Problem: Error message Cannot contact any KDC for realm REALM_NAME

Cause: Network can't reach the Kerberos Key Distribution Center

Solution:

  1. Verify KDC hostname/IP is correct in krb5.conf
  2. Test network connectivity to KDC:
    telnet kdc-hostname 88
    nc -zv kdc-hostname 88
  3. Verify firewall rules permit traffic to port 88 (TCP and UDP)
  4. For Self-Deployed Runtime, verify the runtime can reach the KDC from within your network
  5. Check krb5.conf [realms] section has correct KDC addresses:
    [realms]
    YOUR.REALM = {
    kdc = kdc.example.com:88
    admin_server = kdc.example.com:749
    }

Server not found in Kerberos database

Problem: Error message "Server <service_principal> not found in Kerberos database"

Cause: The service principal name doesn't match what's registered in the KDC

Solution:

  1. Verify the service principal exists in the KDC:
    kadmin.local -q "listprincs hive/*"
  2. Check the exact service principal format with your Hadoop administrator
  3. Verify the service name in Atlan configuration matches your Hive setup (typically hive)
  4. Confirm the hostname matches:
    • Use FQDN (fully qualified domain name) for the Hive host
    • Check DNS resolution:
      nslookup hostname
      host hostname

Wrong realm derived from hostname

Problem: Error message "Server krbtgt/WRONG.[email protected] not found in Kerberos database"

Cause: DNS hostname canonicalization is deriving the wrong realm from the server hostname

Solution:

  1. Disable DNS canonicalization in krb5.conf:
    [libdefaults]
    dns_canonicalize_hostname = false
    rdns = false
  2. Add explicit domain-to-realm mappings:
    [domain_realm]
    .your-domain.com = YOUR.REALM
    your-domain.com = YOUR.REALM
    .amazonaws.com = YOUR.REALM
    amazonaws.com = YOUR.REALM
    .compute.internal = YOUR.REALM
    compute.internal = YOUR.REALM
  3. Verify the mapping works by testing kinit locally
  4. Re-upload the updated krb5.conf file in Atlan

This issue commonly occurs when connecting to cloud-hosted Hive clusters (AWS, Azure, GCP) where the FQDN includes cloud provider domains.

Invalid keytab file

Problem: Error message "Key version number for principal in key table is incorrect"

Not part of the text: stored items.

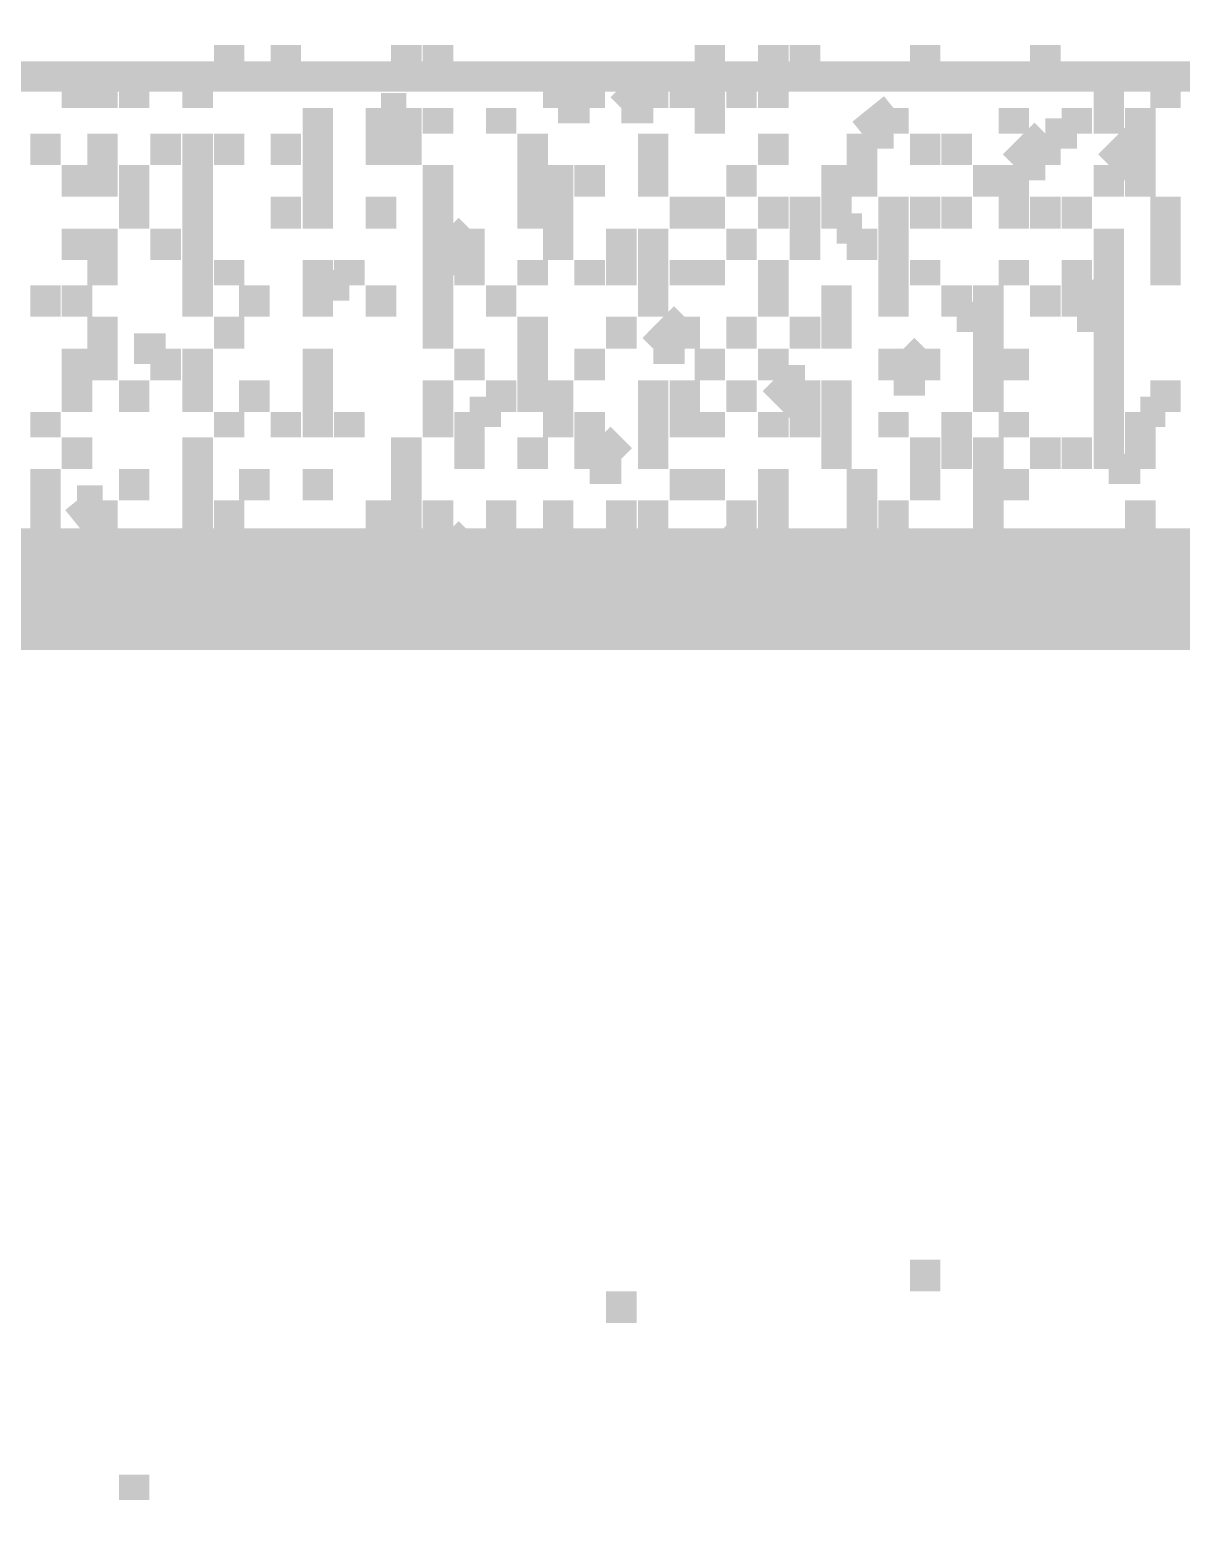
# Model space of a CAD drawing. Header units: millimetres. Extents: x 5 to 350, y 3 to 213.
# Drawn here: x 231.184 to 234.394, y 117.82 to 121.963 of the extents above; entities that cross this region are included whole.
import ezdxf

# ---------------------------------------------------------------- set-up
doc = ezdxf.new("R2010")
doc.units = ezdxf.units.MM
doc.layers.add('P', color=255, linetype='Continuous')

msp = doc.modelspace()

# ---------------------------------------------------------------- linework, layer by layer
at = {"layer": 'P'}
for points, const_width in [([(231.74, 121.832), (231.74, 121.92)], 0.085), ([(231.898, 121.832), (231.898, 121.92)], 0.085), ([(232.234, 121.832), (232.234, 121.92)], 0.085), ([(232.322, 121.832), (232.322, 121.92)], 0.085), ([(233.08, 121.832), (233.08, 121.92)], 0.085), ([(233.257, 121.832), (233.257, 121.92)], 0.085), ([(233.345, 121.832), (233.345, 121.92)], 0.085), ([(233.68, 121.832), (233.68, 121.92)], 0.085), ([(233.68, 121.832), (233.68, 121.92)], 0.085), ([(234.015, 121.832), (234.015, 121.92)], 0.085), ([(197.45, 121.832), (245.022, 121.832)], 0.085), ([(231.316, 121.744), (231.316, 121.832)], 0.085), ([(231.316, 121.744), (231.316, 121.832)], 0.085), ([(231.316, 121.744), (231.316, 121.832)], 0.085), ([(231.387, 121.744), (231.387, 121.832)], 0.085), ([(231.387, 121.744), (231.387, 121.832)], 0.085), ([(231.475, 121.744), (231.475, 121.832)], 0.085), ([(231.652, 121.744), (231.652, 121.832)], 0.085), ([(232.234, 121.832), (232.322, 121.832)], 0.085), ([(232.657, 121.744), (232.745, 121.832)], 0.085), ([(232.657, 121.744), (232.657, 121.832)], 0.085), ([(232.745, 121.744), (232.745, 121.832)], 0.085), ([(232.745, 121.744), (232.745, 121.832)], 0.085), ([(232.833, 121.744), (232.922, 121.832)], 0.085), ([(232.922, 121.744), (232.922, 121.832)], 0.085), ([(232.922, 121.744), (232.922, 121.832)], 0.085), ([(233.01, 121.744), (233.01, 121.832)], 0.085), ([(233.08, 121.744), (233.08, 121.832)], 0.085), ([(233.168, 121.744), (233.168, 121.832)], 0.085), ([(233.168, 121.744), (233.168, 121.832)], 0.085), ([(233.168, 121.744), (233.168, 121.832)], 0.085), ([(233.257, 121.744), (233.257, 121.832)], 0.085), ([(234.192, 121.744), (234.192, 121.832)], 0.085), ([(234.35, 121.744), (234.35, 121.832)], 0.085), ([(231.987, 121.673), (231.987, 121.744)], 0.085), ([(232.163, 121.744), (232.234, 121.744)], 0.085), ([(232.163, 121.744), (232.163, 121.673)], 0.085), ([(232.163, 121.673), (232.234, 121.744)], 0.085), ([(232.234, 121.673), (232.234, 121.744)], 0.085), ([(232.322, 121.673), (232.322, 121.744)], 0.085), ([(232.322, 121.673), (232.322, 121.744)], 0.085), ([(232.498, 121.673), (232.498, 121.744)], 0.085), ([(232.657, 121.744), (232.745, 121.744)], 0.085), ([(232.833, 121.744), (232.922, 121.744)], 0.085), ([(233.08, 121.673), (233.08, 121.744)], 0.085), ([(233.08, 121.673), (233.08, 121.744)], 0.085), ([(233.08, 121.673), (233.08, 121.744)], 0.085), ([(233.504, 121.673), (233.592, 121.744)], 0.085), ([(233.592, 121.673), (233.592, 121.744)], 0.085), ([(233.592, 121.673), (233.592, 121.744)], 0.085), ([(233.592, 121.673), (233.592, 121.744)], 0.085), ([(233.592, 121.673), (233.592, 121.744)], 0.085), ([(233.592, 121.673), (233.592, 121.744)], 0.085), ([(233.927, 121.673), (233.927, 121.744)], 0.085), ([(233.927, 121.673), (233.927, 121.744)], 0.085), ([(234.103, 121.673), (234.103, 121.744)], 0.085), ([(234.192, 121.673), (234.192, 121.744)], 0.085), ([(234.28, 121.673), (234.28, 121.744)], 0.085), ([(231.228, 121.585), (231.228, 121.673)], 0.085), ([(231.387, 121.585), (231.387, 121.673)], 0.085), ([(231.563, 121.585), (231.563, 121.673)], 0.085), ([(231.652, 121.585), (231.652, 121.673)], 0.085), ([(231.652, 121.585), (231.652, 121.673)], 0.085), ([(231.74, 121.585), (231.74, 121.673)], 0.085), ([(231.898, 121.585), (231.898, 121.673)], 0.085), ([(231.987, 121.585), (231.987, 121.673)], 0.085), ([(232.163, 121.585), (232.163, 121.673)], 0.085), ([(232.234, 121.585), (232.234, 121.673)], 0.085), ([(232.586, 121.585), (232.586, 121.673)], 0.085), ([(232.922, 121.585), (232.922, 121.673)], 0.085), ([(233.257, 121.585), (233.257, 121.673)], 0.085), ([(233.504, 121.673), (233.592, 121.673)], 0.085), ([(233.504, 121.585), (233.504, 121.673)], 0.085), ([(233.68, 121.585), (233.68, 121.673)], 0.085), ([(233.768, 121.585), (233.768, 121.673)], 0.085), ([(233.927, 121.585), (234.015, 121.673)], 0.085), ([(234.015, 121.673), (234.103, 121.673)], 0.085), ([(234.015, 121.673), (234.103, 121.673)], 0.085), ([(234.015, 121.585), (234.015, 121.673)], 0.085), ([(234.192, 121.585), (234.28, 121.673)], 0.085), ([(234.28, 121.585), (234.28, 121.673)], 0.085), ([(231.316, 121.497), (231.316, 121.585)], 0.085), ([(231.316, 121.497), (231.316, 121.585)], 0.085), ([(231.387, 121.497), (231.387, 121.585)], 0.085), ([(231.475, 121.497), (231.475, 121.585)], 0.085), ([(231.652, 121.497), (231.652, 121.585)], 0.085), ([(231.652, 121.497), (231.652, 121.585)], 0.085), ([(231.652, 121.497), (231.652, 121.585)], 0.085), ([(231.652, 121.497), (231.652, 121.585)], 0.085), ([(231.987, 121.497), (231.987, 121.585)], 0.085), ([(232.322, 121.497), (232.322, 121.585)], 0.085), ([(232.322, 121.497), (232.322, 121.585)], 0.085), ([(232.586, 121.497), (232.586, 121.585)], 0.085), ([(232.657, 121.497), (232.657, 121.585)], 0.085), ([(232.657, 121.497), (232.657, 121.585)], 0.085), ([(232.745, 121.497), (232.745, 121.585)], 0.085), ([(232.922, 121.497), (232.922, 121.585)], 0.085), ([(232.922, 121.497), (232.922, 121.585)], 0.085), ([(233.168, 121.497), (233.168, 121.585)], 0.085), ([(233.168, 121.497), (233.168, 121.585)], 0.085), ([(233.433, 121.497), (233.433, 121.585)], 0.085), ([(233.504, 121.497), (233.504, 121.585)], 0.085), ([(233.856, 121.497), (233.856, 121.585)], 0.085), ([(233.927, 121.585), (234.015, 121.585)], 0.085), ([(233.927, 121.497), (233.927, 121.585)], 0.085), ([(234.192, 121.585), (234.28, 121.585)], 0.085), ([(234.192, 121.497), (234.192, 121.585)], 0.085), ([(234.192, 121.497), (234.192, 121.585)], 0.085), ([(234.28, 121.497), (234.28, 121.585)], 0.085), ([(234.28, 121.497), (234.28, 121.585)], 0.085), ([(231.475, 121.408), (231.475, 121.497)], 0.085), ([(231.475, 121.408), (231.475, 121.497)], 0.085), ([(231.475, 121.408), (231.475, 121.497)], 0.085), ([(231.652, 121.408), (231.652, 121.497)], 0.085), ([(231.898, 121.408), (231.898, 121.497)], 0.085), ([(231.898, 121.408), (231.898, 121.497)], 0.085), ([(231.898, 121.408), (231.898, 121.497)], 0.085), ([(231.987, 121.408), (231.987, 121.497)], 0.085), ([(231.987, 121.408), (231.987, 121.497)], 0.085), ([(232.163, 121.408), (232.163, 121.497)], 0.085), ([(232.322, 121.408), (232.322, 121.497)], 0.085), ([(232.586, 121.497), (232.586, 121.408)], 0.085), ([(232.586, 121.408), (232.586, 121.497)], 0.085), ([(232.657, 121.408), (232.657, 121.497)], 0.085), ([(233.01, 121.408), (233.01, 121.497)], 0.085), ([(233.08, 121.408), (233.08, 121.497)], 0.085), ([(233.257, 121.408), (233.257, 121.497)], 0.085), ([(233.345, 121.408), (233.345, 121.497)], 0.085), ([(233.433, 121.408), (233.433, 121.497)], 0.085), ([(233.592, 121.408), (233.592, 121.497)], 0.085), ([(233.68, 121.408), (233.68, 121.497)], 0.085), ([(233.768, 121.408), (233.768, 121.497)], 0.085), ([(233.927, 121.408), (233.927, 121.497)], 0.085), ([(234.015, 121.408), (234.015, 121.497)], 0.085), ([(234.103, 121.408), (234.103, 121.497)], 0.085), ([(234.35, 121.408), (234.35, 121.497)], 0.085), ([(231.316, 121.32), (231.316, 121.408)], 0.085), ([(231.387, 121.32), (231.387, 121.408)], 0.085), ([(231.563, 121.32), (231.563, 121.408)], 0.085), ([(231.652, 121.32), (231.652, 121.408)], 0.085), ([(232.322, 121.32), (232.41, 121.408)], 0.085), ([(232.322, 121.32), (232.322, 121.408)], 0.085), ([(232.41, 121.32), (232.41, 121.408)], 0.085), ([(232.657, 121.32), (232.657, 121.408)], 0.085), ([(232.833, 121.32), (232.833, 121.408)], 0.085), ([(232.833, 121.32), (232.833, 121.408)], 0.085), ([(232.833, 121.32), (232.833, 121.408)], 0.085), ([(232.922, 121.32), (232.922, 121.408)], 0.085), ([(233.168, 121.32), (233.168, 121.408)], 0.085), ([(233.345, 121.32), (233.345, 121.408)], 0.085), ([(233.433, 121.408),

Cause: Keytab file doesn't match the current principal keys in the KDC

Solution:

  1. Regenerate the keytab file:
    kadmin.local -q "ktadd -k /path/to/new.keytab principal@REALM"
  2. Test the new keytab locally before uploading:
    kinit -kt /path/to/new.keytab principal@REALM
    klist
    kdestroy
  3. Upload the new keytab file in Atlan
  4. If the principal was recently changed or password reset, generate a fresh keytab

Ticket expiration issues

Problem: Connection works initially but fails after several hours

Cause: Kerberos tickets expired and couldn't be renewed

Solution:

  1. Check ticket lifetime settings in krb5.conf:
    [libdefaults]
    ticket_lifetime = 24h
    renew_lifetime = 7d
  2. Atlan automatically renews tickets, but if workflows run longer than the renewable lifetime, they'll fail
  3. Consider shorter extraction schedules or longer renewal lifetimes
  4. Verify the keytab file is valid and can generate new tickets

SASL handshake failed

Problem: Error message "TSocket read 0 bytes" or "SASL handshake failed"

Cause: Multiple possible causes related to Kerberos configuration or network

Solution:

  1. Verify the service principal format is correct:
    • Expected: hive/hostname@REALM
    • Service name (typically hive) must match HiveServer2 configuration
  2. Check that HiveServer2 is configured for Kerberos:
    <!-- In hive-site.xml -->
    <property>
    <name>hive.server2.authentication</name>
    <value>KERBEROS</value>
    </property>
  3. Verify network connectivity to HiveServer2 port (default 10000):
    telnet hive-hostname 10000
  4. Check HiveServer2 logs for details on why it rejected the connection
  5. Verify the client can resolve the HiveServer2 hostname properly:
    • For Self-Deployed Runtime, add hostAliases (Kubernetes) or extra_hosts (Docker) if DNS resolution fails

TLS/MTLS certificate issues

CA certificate validation failed

Problem: Error message "SSL certificate verification failed" or "Unable to verify server certificate"

Cause: CA certificate doesn't match the certificate presented by HiveServer2

Solution:

  1. Obtain the correct CA certificate that signed your HiveServer2's SSL certificate
  2. Verify the certificate chain from your server:
    openssl s_client -connect hostname:10000 -showcerts
  3. Verify the CA certificate file is valid:
    openssl x509 -in ca-cert.pem -text -noout
  4. Check certificate expiration date
  5. Upload the correct CA certificate in Atlan

Client certificate rejected

Problem: Error message "Client certificate rejected" or "SSL handshake failed"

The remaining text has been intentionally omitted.